A situação no Algarve, refere Ismael Casotti, é “particularmente preocupante”, não apenas pelo volume de lixo produzido, “muito mais do que a média nacional”, mas, também, pela política que tem vindo a ser seguida por parte das câmaras e da Algar. “Não existe estímulo para separar os biorresíduos dos lixos indiferenciados”.
A diferença da tarifa cobrada para depósito em aterro, exemplifica, é de apenas cerca de 10%. Os municípios pagam à Algar 71,61 euros/tonelada (biorresíduos) e 79,57 euros tonelada (lixo indiferenciado). Embora a Entidade Reguladora de Serviços de Água e Resíduos (ERSAR) recomende que a tarifa para os biorresíduos “seja zero ou muito baixa”, as autarquias não acatam a advertência. “O aterro actualmente existente em Portimão é responsável por 55% das emissões de gases de efeito de estufa libertados no concelho”, refere ainda a Zero.
No projecto, que esteve em consulta pública, prevê-se que cerca de 40% dos resíduos urbanos não cheguem a passar pelo pelo pré-tratamento mecânico e biológico. De resto, os números da Algar, referentes a 2023, já reflectiam uma situação que a Zero intitula de “atentado ambiental”. A recolha de lixo indiferenciado, há dois anos, foi de 276 mil toneladas e, deste volume, apenas 178 mil toneladas foi sujeito a Tratamento Mecânico Biológico (TMB), o que significa que 61% dos resíduos foram directamente para aterro. Os lixos orgânicos não tratados, destaca Casotti, além de dar origem à libertação de odores, proliferação de insectos, ratos ou aves, provoca “um aumento de águas residuais (lixiviados) altamente poluentes e de difícil tratamento”.
As câmaras municipais encontram-se, neste negócio, na dupla condição de clientes e accionistas (minoritários) da Algar. Um dos objectivos da empresa, que já foi gerida pelas autarquias e agora é presidida pelo sector privado, é “estimular cidadãos e empresas a reduzir resíduos indiferenciados e aumentar a reciclagem”. Do conjunto dos 16 concelhos, a Algar destaca como exemplo dos princípios enunciados Loulé, Lagos e Faro, onde foram distribuídos 4450 contentores e adquiridos quatro viaturas para recolha selectiva. Mas os números reflectem uma realidade ainda muito pouco sustentável.
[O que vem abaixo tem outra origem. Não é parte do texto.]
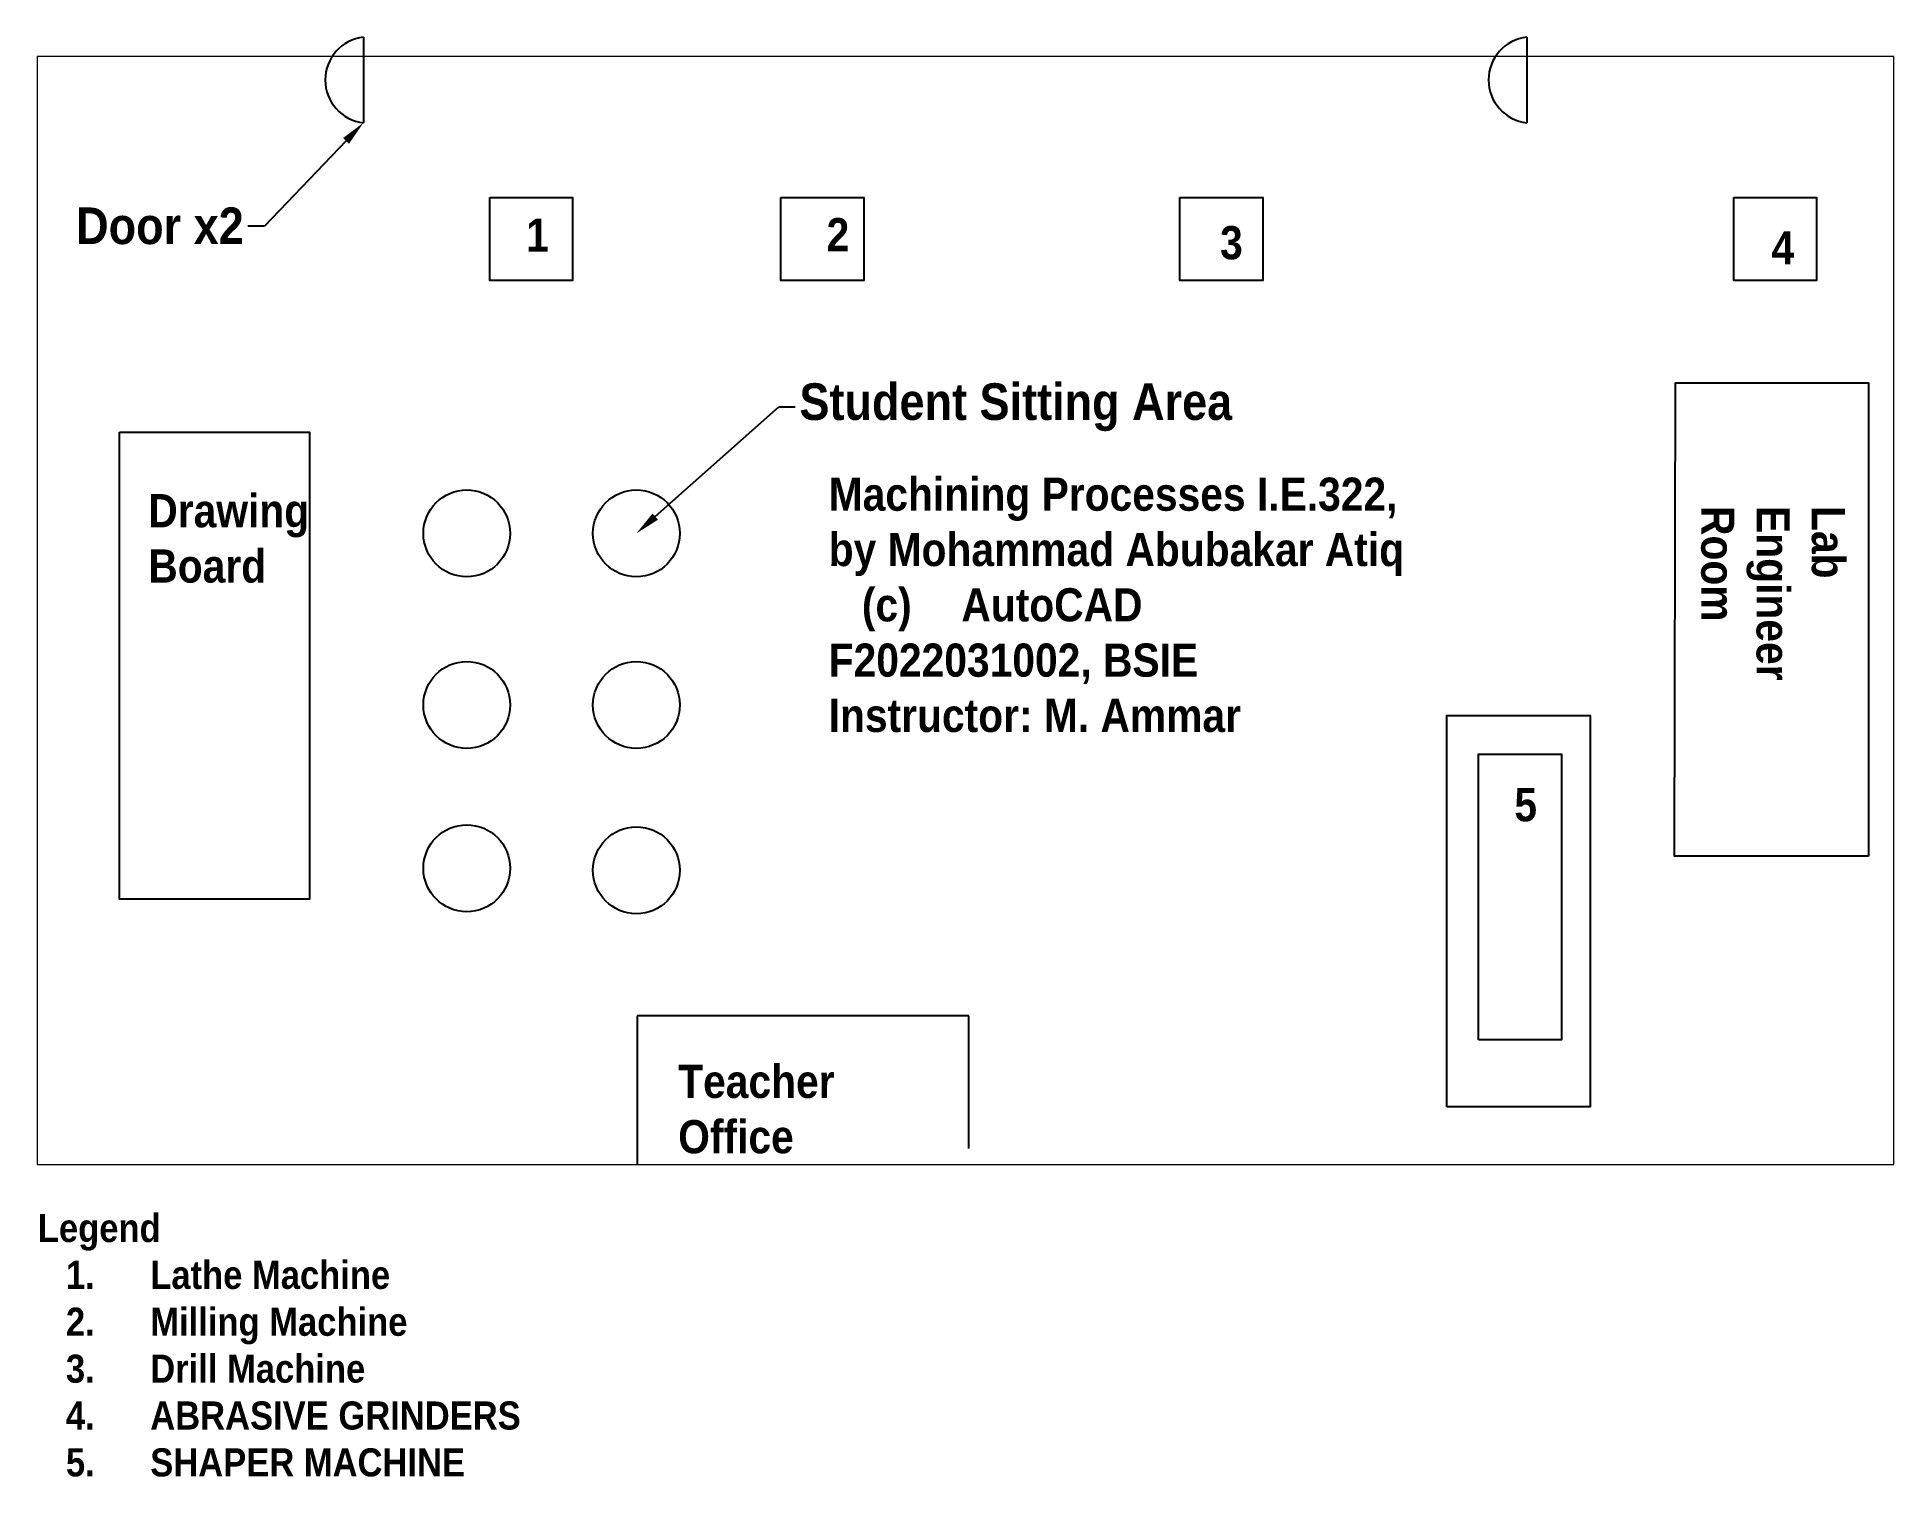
# Paper-space layout 'Layout1' of a CAD drawing. Header units: inches. Extents: x 2.1 to 42.7, y 6.7 to 38.2.
import ezdxf
from ezdxf import colors
from ezdxf.entities.mleader import LeaderData, LeaderLine
from ezdxf.math import Vec2, Vec3

# ---------------------------------------------------------------- set-up
doc = ezdxf.new("R2010")
doc.units = ezdxf.units.IN
doc.header["$MEASUREMENT"] = 0
doc.styles.get("Standard").update_dxf_attribs({"font": 'arialbd.ttf', "width": 0.88})

psp = doc.layouts.get("Layout1")

# ---------------------------------------------------------------- linework, layer by layer
for p, q in [((9.274, 38.171), (9.274, 36.303)), ((34.68, 38.171), (34.68, 36.303)), ((22.494, 16.805), (15.25, 16.805)), ((15.25, 16.805), (15.25, 13.563)), ((22.494, 13.908), (22.494, 16.805))]:
    psp.add_line(p, q)
for points in [[(12.031, 34.67), (13.842, 34.67), (13.842, 32.859), (12.031, 32.859)], [(18.39, 34.67), (20.201, 34.67), (20.201, 32.859), (18.39, 32.859)], [(27.105, 34.67), (28.916, 34.67), (28.916, 32.859), (27.105, 32.859)], [(39.2, 34.67), (41.011, 34.67), (41.011, 32.859), (39.2, 32.859)], [(42.146, 20.289), (37.904, 20.289), (37.932, 30.623), (42.146, 30.623)], [(3.943, 29.549), (8.098, 29.549), (8.098, 19.35), (3.943, 19.35)], [(32.935, 14.818), (32.935, 23.365), (36.065, 23.365), (36.065, 14.818)], [(33.628, 16.281), (33.628, 22.515), (35.439, 22.515), (35.439, 16.281)]]:
    psp.add_lwpolyline(points, close=True)
for centre in [(11.531, 27.338), (15.235, 27.338), (11.531, 23.592), (15.235, 23.592), (11.531, 20.027), (15.235, 19.982)]:
    psp.add_circle(centre, 0.948)
for centre in [(9.379, 37.237), (34.785, 37.237)]:
    psp.add_arc(centre, 0.94, 96.4129, 263.5871)

# ---------------------------------------------------------------- texts
at = {"attachment_point": 1}
for s, width, gutter_width, heights, insert, char_height in [('1', 0.82063, 3.622, [0], (12.826, 34.211), 0.724), ('2', 0.82063, 3.622, [0], (19.389, 34.222), 0.724), ('3', 0.82063, 3.622, [0], (27.983, 34.047), 0.724), ('4', 0.82063, 3.622, [0], (40.027, 33.932), 0.724), ('Machining Processes I.E.322, by Mohammad Abubakar Atiq\\P\\pxi-3,l4,t4;(c)^IAutoCAD\\P\\pi0,l0,tz;F2022031002, BSIE\\PInstructor: M. Ammar ', 12.9169, 3.622, [0], (19.435, 28.556), 0.72437), ('Drawing Board', 2.75519, 3.622, [0], (4.575, 28.195), 0.72437), ('5', 0.82063, 3.622, [0], (34.41, 21.776), 0.724), ('Teacher Office', 0.82063, 3.622, [0], (16.148, 15.736), 0.72437), ('Legend\\P\\pxi-3,l4,t4;1.^ILathe Machine\\P2.^IMilling Machine\\P3.^IDrill Machine\\P4.^IABRASIVE GRINDERS\\P5.^ISHAPER MACHINE', 21.59329, 3.069, [11.923], (2.162, 12.48), 0.61382)]:
    psp.add_mtext_dynamic_manual_height_columns(s, width=width, gutter_width=gutter_width, heights=heights, dxfattribs=dict(at, insert=insert, char_height=char_height))
at = {"insert": (41.631, 27.935), "char_height": 0.72437, "attachment_point": 1, "rotation": 270}
psp.add_mtext_dynamic_manual_height_columns('Lab Engineer\\PRoom', width=1.70718, gutter_width=3.622, heights=[0], dxfattribs=at)

# ---------------------------------------------------------------- leaders
ml = psp.add_multileader_mtext('Standard')
ml.set_content('Door x2', color=256)
ml.set_leader_properties()
ml.build(insert=Vec2(0, 0))
ml.multileader.update_dxf_attribs({"dogleg_length": 0.36, "arrow_head_size": 0.55})
ctx = ml.context
ctx.base_point, ctx.char_height, ctx.arrow_head_size, ctx.landing_gap_size, ctx.plane_origin = Vec3(3.028, 34.046), 0.8, 0.55, 0.09, Vec3(9.274, 36.303)
ctx.text_align_type = 2
notes = []
notes.append((ctx, [(0, (1, 1, 0), (7.109, 34.046), (-1, 0), 0.36, [(0, [(9.274, 36.303)], 0, [])])]))
ctx.mtext.insert, ctx.mtext.alignment, ctx.mtext.flow_direction = Vec3(6.659, 34.453), 3, 5
ml = psp.add_multileader_mtext('Standard')
ml.set_content('Student Sitting Area', color=256)
ml.set_leader_properties()
ml.build(insert=Vec2(0, 0))
ml.multileader.update_dxf_attribs({"dogleg_length": 0.36, "arrow_head_size": 0.55})
ctx = ml.context
ctx.base_point, ctx.char_height, ctx.arrow_head_size, ctx.landing_gap_size, ctx.plane_origin = Vec3(18.706, 30.097), 0.8, 0.55, 0.09, Vec3(15.235, 27.338)
notes.append((ctx, [(0, (1, 1, 0), (18.346, 30.097), (1, 0), 0.36, [(0, [(15.235, 27.338)], 0, [])])]))
ctx.mtext.insert, ctx.mtext.flow_direction = Vec3(18.796, 30.614), 5
for ctx, leaders in notes:
    for number, flags, end, landing, length, lines in leaders:
        leader = LeaderData()
        leader.index, (leader.has_last_leader_line, leader.has_dogleg_vector, leader.attachment_direction) = number, flags
        leader.last_leader_point, leader.dogleg_vector, leader.dogleg_length = Vec3(end), Vec3(landing), length
        for number, points, colour, breaks in lines:
            line = LeaderLine()
            line.index, line.vertices, line.color, line.breaks = number, Vec3.list(points), colors.encode_raw_color(colour), breaks
            leader.lines.append(line)
        ctx.leaders.append(leader)

# ---------------------------------------------------------------- viewports
at = {"layer": '0'}
psp.add_viewport(center=(22.423, 25.656), size=(40.552, 24.18665), view_center_point=(353.966, 83.179), view_height=120.0921, dxfattribs=at)

doc.saveas('drawing.dxf')

Algar recusa devolver empresa às câmaras
O presidente da Câmara de Aljezur, José Gonçalves, administrador não executivo da Algar em representação das autarquias, diz que há “descontentamento em relação ao serviço de tratamento dos resíduos”. O assunto, acrescenta, “já foi objecto de reuniões na Comunidade Intermunicipal do Algarve – Amal e não está posta de parte a possibilidade das câmaras virem a adquirir a maioria do capital da empresa”. Da parte dos privados, a resposta solicitada pelo PÚBLICO vem em sentido contrário. “A administração não prevê devolver a gestão aos municípios”.
Ismael Casotti revela, por outro lado, que existem “planos para uma nova linha de incineração no Algarve”. Os ambientalistas dizem que essa solução, em complemento aos aterros, “faz ainda menos sentido” na medida em que é “ilegal colocar biorresíduos em aterro e também não podemos queimar tudo”. De resto, a falta de cumprimento das metas propostas pela Comunidade Europeia, no caso da reciclagem de embalagens – papel, cartão, vidro, plástico e metal – fez com que o governo português pagasse no ano passado quase 200 milhões de euros. Dinheiro que poderia “ser investido em infra-estruturas para melhorar a reciclagem”. Mas, em em vez disso, sublinha o ambientalista, “ponderam criar uma incineradora e gastar mais 2500 milhões de euros a nível nacional em novas linhas de incineração”.